- **About this exercise**
Retrieve every line from the records in which the word "blind" occurs.

------

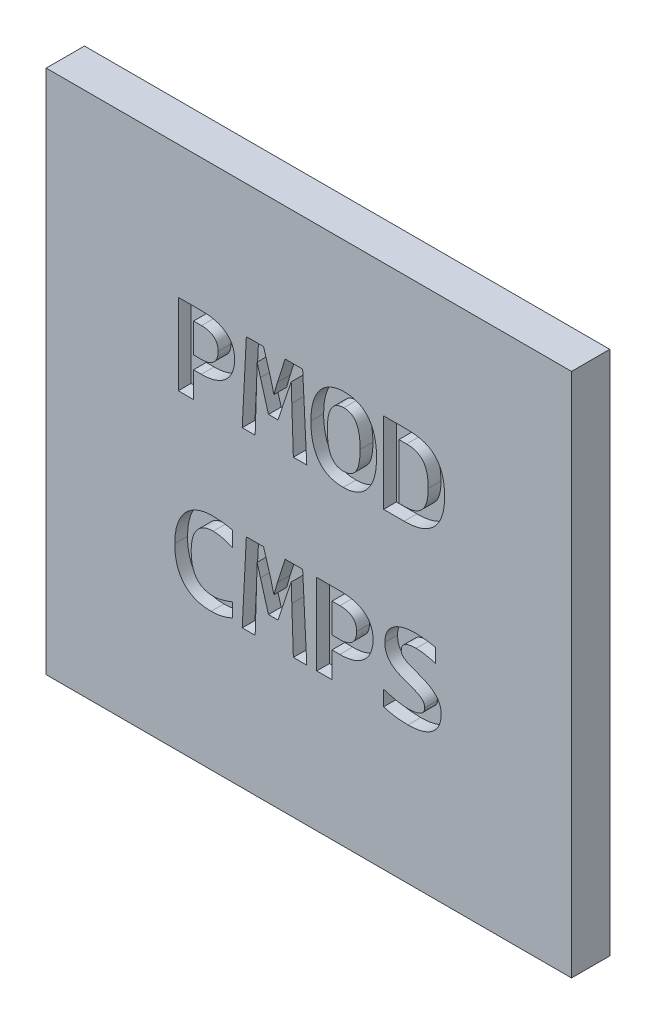
SolidWorks part; units mm, degrees
ref_plane "Front Plane" through (0, 0, 0) normal (0, 0, 1) x (1, 0, 0)
ref_plane "Top Plane" through (0, 0, 0) normal (0, 1, 0) x (1, 0, 0)
ref_plane "Right Plane" through (0, 0, 0) normal (1, 0, 0) x (0, 0, -1)
sketch "Sketch1" plane through (0, 0, 0) normal (0, 0, 1) x (1, 0, 0)
  line L1 (-10.3, -10.3) -> (10.3, -10.3)
  line L2 (-10.3, -10.3) -> (-10.3, 10.3)
  line L3 (-10.3, 10.3) -> (10.3, 10.3)
  line L4 (10.3, -10.3) -> (10.3, 10.3)
  line L5 (-10.3, -10.3) -> (10.3, 10.3) construction
  line L6 (-10.3, 10.3) -> (10.3, -10.3) construction
  point P0 (0, 0)
  dimension "D1" = 20.6
extrude "Boss-Extrude1" add sketch "Sketch1" along normal blind 1.5
sketch "Sketch2" plane through (0, 0, 1.5) normal (0, 0, 1) x (1, 0, 0)
  text T0 "PMOD\r\nCMPS" font "Consolas" height 3.175
extrude "Cut-Extrude1" cut sketch "Sketch2" against normal blind 0.5

------

- **Response**
extrude "Boss-Extrude1" add sketch "Sketch1" along normal blind 1.5
extrude "Cut-Extrude1" cut sketch "Sketch2" against normal blind 0.5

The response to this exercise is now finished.